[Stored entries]
***
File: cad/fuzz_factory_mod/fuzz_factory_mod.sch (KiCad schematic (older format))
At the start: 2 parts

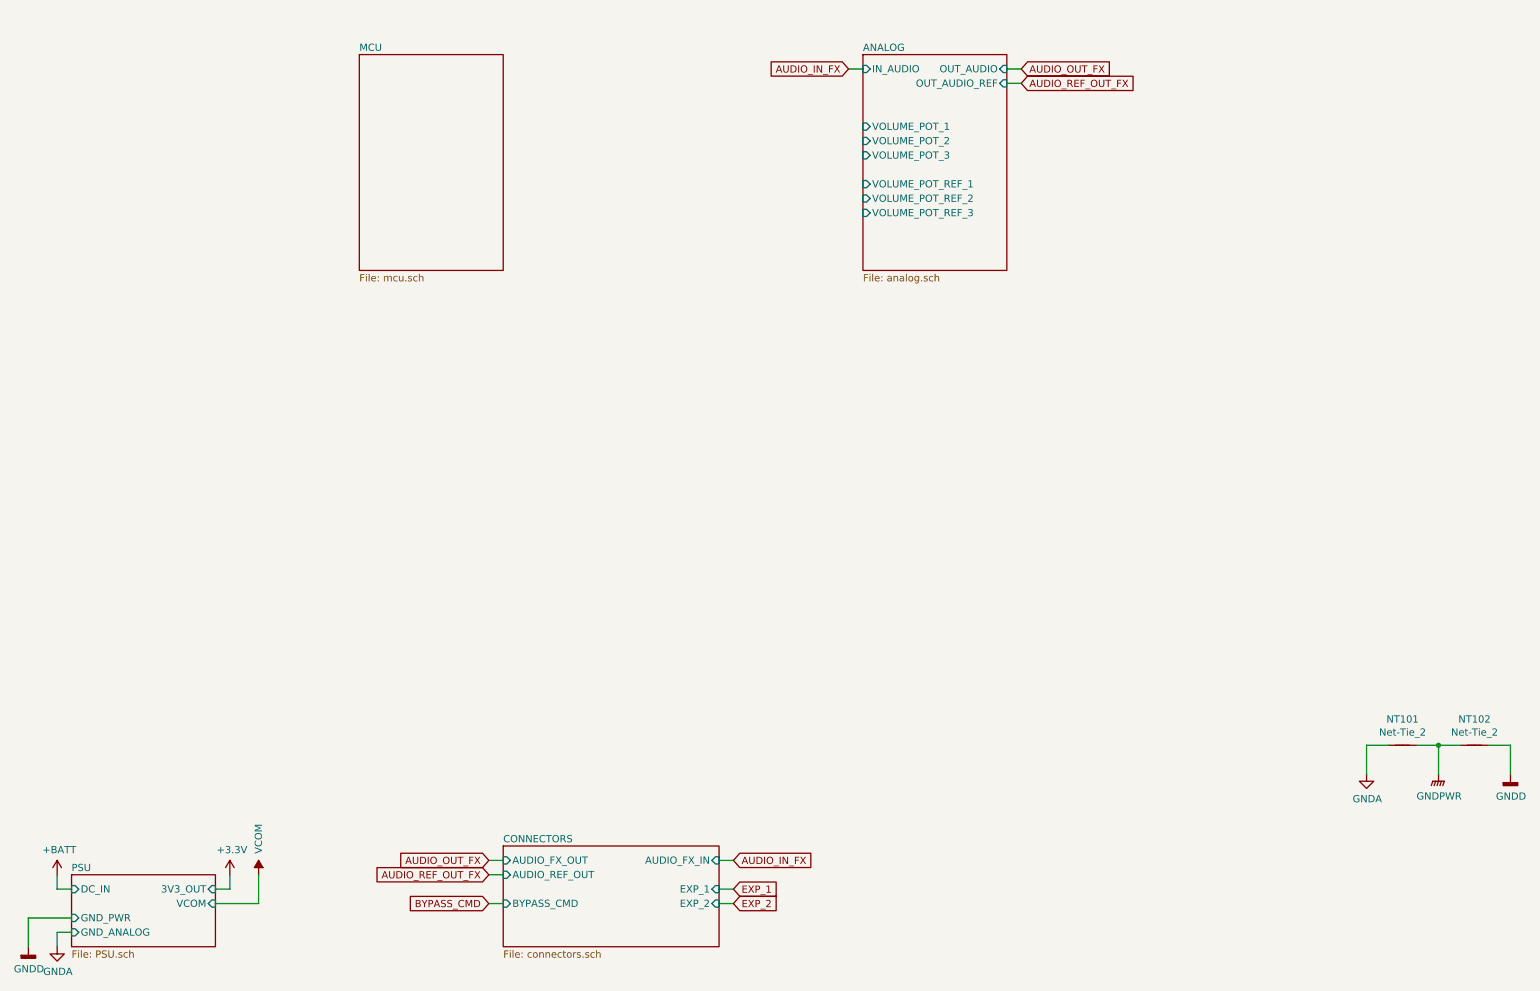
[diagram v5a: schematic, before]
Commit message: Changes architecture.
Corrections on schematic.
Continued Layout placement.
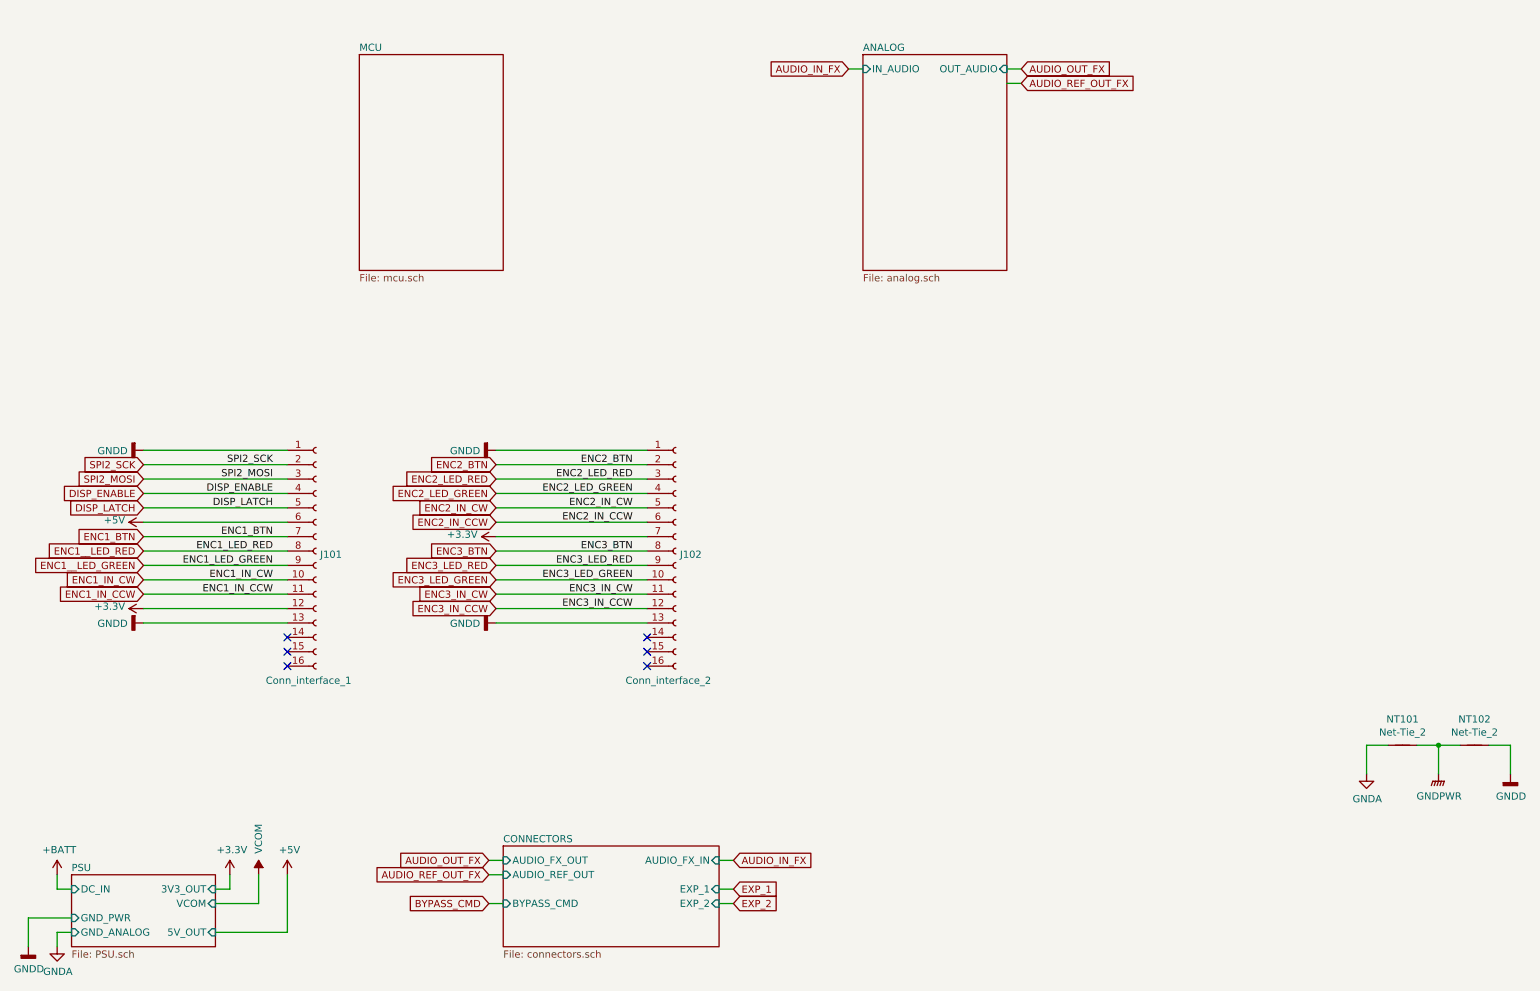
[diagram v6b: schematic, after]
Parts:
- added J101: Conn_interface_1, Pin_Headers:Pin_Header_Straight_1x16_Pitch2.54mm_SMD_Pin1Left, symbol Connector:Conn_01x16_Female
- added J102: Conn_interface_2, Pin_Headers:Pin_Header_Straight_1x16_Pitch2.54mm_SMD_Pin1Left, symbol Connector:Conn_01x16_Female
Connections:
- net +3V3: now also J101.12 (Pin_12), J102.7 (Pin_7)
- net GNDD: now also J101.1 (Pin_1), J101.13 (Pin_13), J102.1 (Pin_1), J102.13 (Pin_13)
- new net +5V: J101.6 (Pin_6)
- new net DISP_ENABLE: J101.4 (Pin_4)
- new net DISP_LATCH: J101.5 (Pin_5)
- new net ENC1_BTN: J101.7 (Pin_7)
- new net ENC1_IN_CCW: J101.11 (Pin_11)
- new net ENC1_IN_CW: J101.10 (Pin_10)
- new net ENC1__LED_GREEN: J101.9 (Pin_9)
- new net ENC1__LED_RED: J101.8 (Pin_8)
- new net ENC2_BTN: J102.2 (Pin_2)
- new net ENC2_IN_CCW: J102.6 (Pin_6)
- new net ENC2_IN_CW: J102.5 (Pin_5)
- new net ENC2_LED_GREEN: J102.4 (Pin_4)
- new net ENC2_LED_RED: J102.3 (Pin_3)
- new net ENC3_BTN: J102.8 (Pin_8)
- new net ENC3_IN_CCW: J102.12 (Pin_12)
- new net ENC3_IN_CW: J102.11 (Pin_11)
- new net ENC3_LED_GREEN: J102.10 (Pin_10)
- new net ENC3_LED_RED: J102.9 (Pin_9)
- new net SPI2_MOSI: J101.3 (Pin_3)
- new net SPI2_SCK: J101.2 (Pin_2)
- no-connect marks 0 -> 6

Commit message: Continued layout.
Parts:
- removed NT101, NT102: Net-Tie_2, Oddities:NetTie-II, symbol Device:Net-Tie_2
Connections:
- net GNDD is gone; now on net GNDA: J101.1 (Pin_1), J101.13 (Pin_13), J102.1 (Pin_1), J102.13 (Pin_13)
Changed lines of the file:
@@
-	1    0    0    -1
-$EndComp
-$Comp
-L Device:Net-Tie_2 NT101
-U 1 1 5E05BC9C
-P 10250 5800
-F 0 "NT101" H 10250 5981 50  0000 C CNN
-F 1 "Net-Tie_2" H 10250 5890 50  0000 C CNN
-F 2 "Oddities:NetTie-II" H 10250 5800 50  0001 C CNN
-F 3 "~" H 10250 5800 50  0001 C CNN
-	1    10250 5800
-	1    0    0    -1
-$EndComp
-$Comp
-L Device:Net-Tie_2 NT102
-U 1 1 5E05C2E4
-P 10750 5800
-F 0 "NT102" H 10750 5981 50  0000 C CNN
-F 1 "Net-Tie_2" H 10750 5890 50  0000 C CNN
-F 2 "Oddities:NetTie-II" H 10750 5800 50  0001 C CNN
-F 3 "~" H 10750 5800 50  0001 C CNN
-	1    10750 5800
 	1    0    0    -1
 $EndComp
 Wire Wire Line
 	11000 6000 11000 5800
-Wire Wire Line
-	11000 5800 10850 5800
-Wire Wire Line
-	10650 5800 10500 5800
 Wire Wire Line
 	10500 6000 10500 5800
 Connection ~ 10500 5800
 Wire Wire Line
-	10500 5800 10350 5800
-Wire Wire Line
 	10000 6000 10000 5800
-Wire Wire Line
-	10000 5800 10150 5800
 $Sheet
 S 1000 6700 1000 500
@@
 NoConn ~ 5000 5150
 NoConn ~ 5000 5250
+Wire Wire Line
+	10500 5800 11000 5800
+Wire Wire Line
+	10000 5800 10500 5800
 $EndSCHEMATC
***
## Instructions to follow
How many lines in these entries hold the string "Commit"? Answer with the number alone.

## Answer area
2